Will include several x large (30-40lb) 18'ish by 11'ish size stones, 2-3 large size, 3-5 medium size, and small ones...

will take a bit, just placing order, then I have to figure out what to do with the current inhabitants of my 120 while I change it over from general planted, more dutch-like set-up. THen i need to find the time to undertake all this...

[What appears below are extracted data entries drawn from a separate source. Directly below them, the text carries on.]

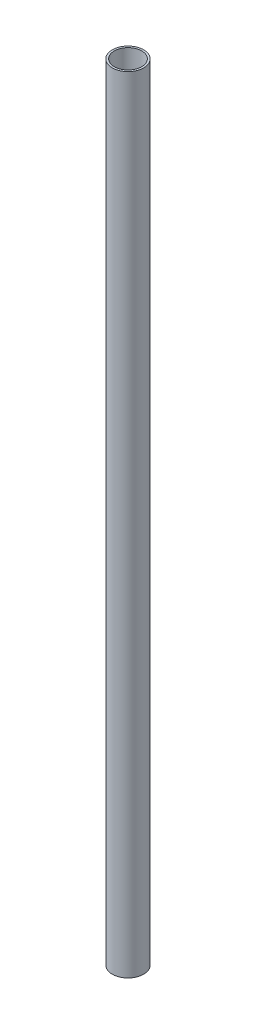
SolidWorks part; units mm, degrees
material "Thornel Mat VMA"
ref_plane "Front Plane" through (0, 0, 0) normal (0, 0, 1) x (1, 0, 0)
ref_plane "Top Plane" through (0, 0, 0) normal (0, 1, 0) x (1, 0, 0)
ref_plane "Right Plane" through (0, 0, 0) normal (1, 0, 0) x (0, 0, -1)
sketch "Sketch1" plane through (0, 0, 0) normal (0, 1, 0) x (1, 0, 0)
  circle A0 centre (0, 0) radius 8
  circle A1 centre (0, 0) radius 7
  dimension "D1" = 16
  dimension "D2" = 14
extrude "Boss-Extrude1" add sketch "Sketch1" along normal mid plane 400

May also look into drilling tank, since this will be a major make-over, anyone know if Oceanic 120 has a drillable bottom (non-tempered glass)?


----------



## Craigthor (Sep 9, 2007)

There should be a sticker on the bottom side if it is tempered telling you not to drill. Also if you can find a contact number you could probably call and ask. I think they are being made by Marineland now....

Craig


----------



## !shadow! (Jan 25, 2010)

just out of curiosity how much does 120lb of that stone run you?


----------



## CL (Mar 13, 2008)

!shadow! said:


> just out of curiosity how much does 120lb of that store run you?


a lot. roud:
pictures, please


----------



## !shadow! (Jan 25, 2010)

Crap, that is the answer l didn't want to hear


----------



## thief (Jan 12, 2008)

Lol if anything that I've figured out is that you could NEVER have enough Seiryu stone. I've made a couple large orders of it and believe me you probably are going to end up getting more. lol But do post pics, I just hope they have some more extra large pieces left too as my last order contain some spectacular pieces.


----------



## EdTheEdge (Jan 25, 2007)

thief said:


> Lol if anything that I've figured out is that you could NEVER have enough Seiryu stone. I've made a couple large orders of it and believe me you probably are going to end up getting more. lol But do post pics, I just hope they have some more extra large pieces left too as my last order contain some spectacular pieces.


Where does one order this stone from?


----------



## Craigthor (Sep 9, 2007)

EdTheEdge said:


> Where does one order this stone from?


www.adana-usa.com AFA in San Fran roud:


----------



## FDNY911 (Dec 6, 2009)

Subscribed ... 118 for 30 lbs plus 30 for shipping to NY Shadow so imagine 120 lbs lol damn. please take photos upon delivery I wanna see them in the boxes especially the big ones !


----------



## F22 (Sep 21, 2008)

thats alot of money for stones. Looks like lace rock to me...maybe i just don't get it. eh im italian not japanese...


----------



## prototyp3 (Dec 5, 2007)

You're a brave man ordering that much rock sight unseen. I hope they take care of you and give you some choice rock for that size of an order. Internet orders typically get the crumby rock and the in store customers get their choice of the best pieces.


----------



## FDNY911 (Dec 6, 2009)

I concur ... at that price the least they can do is take some photos for you of the chosen lot ... or maybe some of the San Fran members can go there for you ... good luck either way.


----------



## thief (Jan 12, 2008)

Well I can't wait to see and hope he hasn't forgotten his post here but I can say that he must've requested large stones to go in his 120g so they must be around 20-40 lbs each stones to go in such a large tank. Please post!!!


----------



## inghamb87 (Mar 10, 2010)

120 lbs of Seiryuu stones? I hate to spend much without seeing it in person but would love to see some pics once you get it. Hope they take care of you and send you some nice ones. Looking forward to the pics


----------